The opinion of the court was delivered by: Seybert, District Judge
Pending before the Court is a motion for class certification by the proposed Lead Plaintiffs, REG Partners, LLP*fn2 ("REG") and Robert Herpst ("Herpst") (collectively, "Lead Plaintiffs"), pursuant to Rule 23 of the Federal Rules of Civil Procedure. For the reasons that follow, the Court DENIES the motion for class certification without prejudice, and with leave to renew. Plaintiffs may put forth alternate proposed lead plaintiffs within sixty days of the issuance of this Memorandum & Order.
Lead Plaintiffs are the proposed class representatives for all those who purchased Allou Class A common shares during the class period. (Pls' Mem. in Supp. Of Class Cert. 2). Allou was a public company, and was traded on the American Stock Exchange ("AMEX") during the proposed class period. (3d Consol. Compl. ¶ 15). It distributed various personal care products and prescription pharmaceuticals to major retailers. (Id. ¶ 15).

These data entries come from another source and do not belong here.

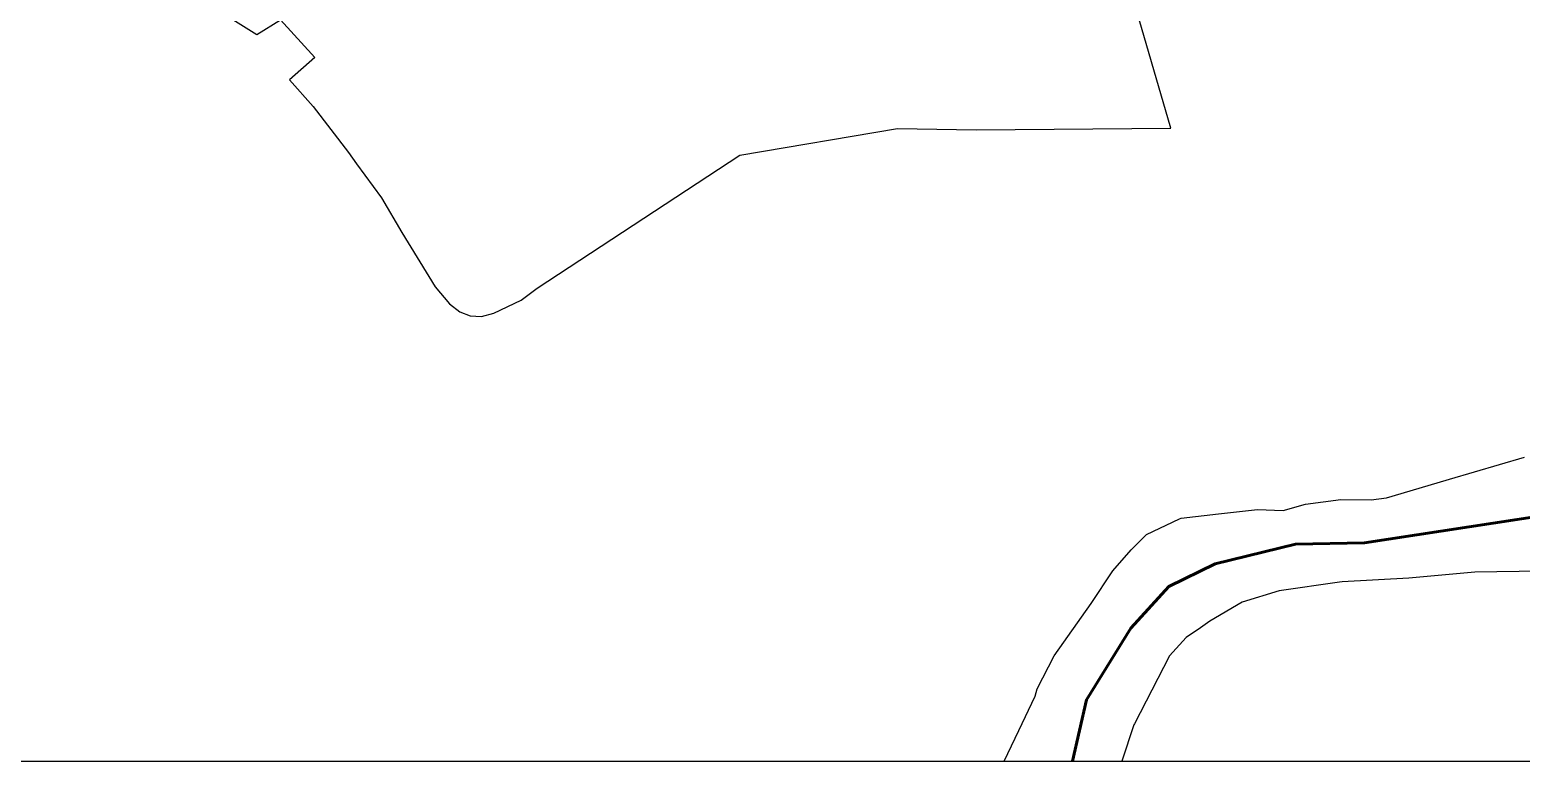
# Model space of a CAD drawing. Header units: millimetres. Extents: x 2635158 to 2636580, y 5834609 to 5836244.
# Drawn here: x 2635598.2 to 2636074.7, y 5834613.5 to 5834847.3 of the extents above; entities that cross this region are included whole.
import ezdxf

# ---------------------------------------------------------------- set-up
doc = ezdxf.new("R2010")
doc.units = ezdxf.units.MM
doc.layers.add('IRT_OpenStreetMap_Vector geometry_boundary_protected_area', color=100, linetype='Continuous')
doc.layers.add('IRT_OpenStreetMap_Vector geometry_unknown', color=7, linetype='Continuous')
doc.layers.add('IRT_OpenStreetMap_Vector geometry_waterway_river', color=130, linetype='Continuous', lineweight=60)

msp = doc.modelspace()

# ---------------------------------------------------------------- linework, layer by layer
msp.add_lwpolyline([(2635161.27, 5834613.55), (2636575.35, 5834613.55), (2636575.35, 5836234.65), (2635161.27, 5836234.65)], close=True)
at = {"layer": 'IRT_OpenStreetMap_Vector geometry_boundary_protected_area'}
msp.add_lwpolyline([(2635622.2, 5834876.1), (2635670.73, 5834845.74), (2635678.26, 5834850.41), (2635689.23, 5834838.44), (2635681.2, 5834831.23), (2635688.72, 5834822.74), (2635700.03, 5834808.09), (2635702.6, 5834804.45), (2635710.52, 5834793.58), (2635717.02, 5834782.48), (2635727.66, 5834765.13), (2635732.25, 5834759.65), (2635735.54, 5834757.12), (2635738.92, 5834755.85), (2635742.5, 5834755.66), (2635746.49, 5834756.72), (2635755.19, 5834760.88), (2635760.29, 5834764.69), (2635825.03, 5834807.21), (2635875.46, 5834815.68), (2635900.56, 5834815.34), (2635962.78, 5834815.84), (2635944.17, 5834879.56)], dxfattribs=at)
at = {"layer": 'IRT_OpenStreetMap_Vector geometry_unknown'}
for points in [[(2635909.46, 5834613.55), (2635914.15, 5834623.36), (2635919.36, 5834634.3), (2635919.69, 5834635.47), (2635920.02, 5834636.65), (2635925.43, 5834647.16), (2635937.35, 5834663.96), (2635944.23, 5834674.34), (2635950.03, 5834681.12), (2635955.01, 5834685.96), (2635965.51, 5834690.94), (2635966.02, 5834691.18), (2635977.95, 5834692.61), (2635990.45, 5834693.95), (2635998.64, 5834693.7), (2636005.8, 5834695.65), (2636017.04, 5834697.19), (2636026.79, 5834697.09), (2636031.71, 5834697.7), (2636036.36, 5834699.07), (2636051.83, 5834703.62), (2636075.77, 5834710.67)], [(2636081.08, 5834674.26), (2636059.94, 5834673.95), (2636038.78, 5834671.99), (2636017.45, 5834670.85), (2636016.69, 5834670.75), (2635997.33, 5834668.02), (2635985.55, 5834664.31), (2635975.2, 5834658.28), (2635972.28, 5834656.11), (2635967.7, 5834653.12), (2635962.34, 5834647.22), (2635960.4, 5834643.45), (2635951.13, 5834625.47), (2635950.98, 5834625.19), (2635947.11, 5834613.55)]]:
    msp.add_lwpolyline(points, dxfattribs=at)
at = {"layer": 'IRT_OpenStreetMap_Vector geometry_waterway_river'}
msp.add_lwpolyline([(2635931.29, 5834613.55), (2635935.77, 5834633.12), (2635949.93, 5834656.07), (2635962.13, 5834669.39), (2635976.91, 5834676.58), (2636002.63, 5834682.89), (2636024.66, 5834683.27), (2636123.54, 5834698.49)], dxfattribs=at)

doc.saveas('drawing.dxf')

Until June 24, 2001, Mayer Rispler & Co., P.C. was Allou's auditor and issued reports for the fiscal year ended March 31, 2000, certifying that the financial statements had been audited in accordance with Generally Accepted Accounting Standards ("GAAS"). (Id. ¶ 30). Mayer Rispler also certified, that in its opinion, the financial position of Allou was fairly represented and in accordance with Generally Accepted Accounting Principles ("GAAP"). (Id. ¶ 30). Arthur Andersen was the independent auditor for Allou for the fiscal year that ended March 31, 2001. (Id. ¶ 31). Andersen also issued similar certification reports, reflecting the financial situation of Allou, for that year. (Id. ¶ 31). In addition, Andersen reviewed the financial reports that were included in Allou's Quarterly Reports filed with the Securities and Exchange Commission ("SEC") on Form 10-Q in 2001 and 2002. (Id. ¶ 31). KPMG then became the independent auditor, issuing unqualified reports for the fiscal year ended March 31, 2002. (Id. ¶ 33).
On the night of September 25, 2002, a fire destroyed Allou's Brooklyn warehouse that had been used to store inventory. (Id. ¶¶ 7, 57). Allou had insurance on the inventory including the profit that could be made based on the value of the inventory. On November 7, 2002, the New York City Fire Department finished its investigation, and concluded that the fire was the result of arson. (Id. ¶¶ 7, 57). Over the next few months, Allou was unable to resolve its over $100 million insurance claim regarding the warehouse fire. (Id. ¶ 57).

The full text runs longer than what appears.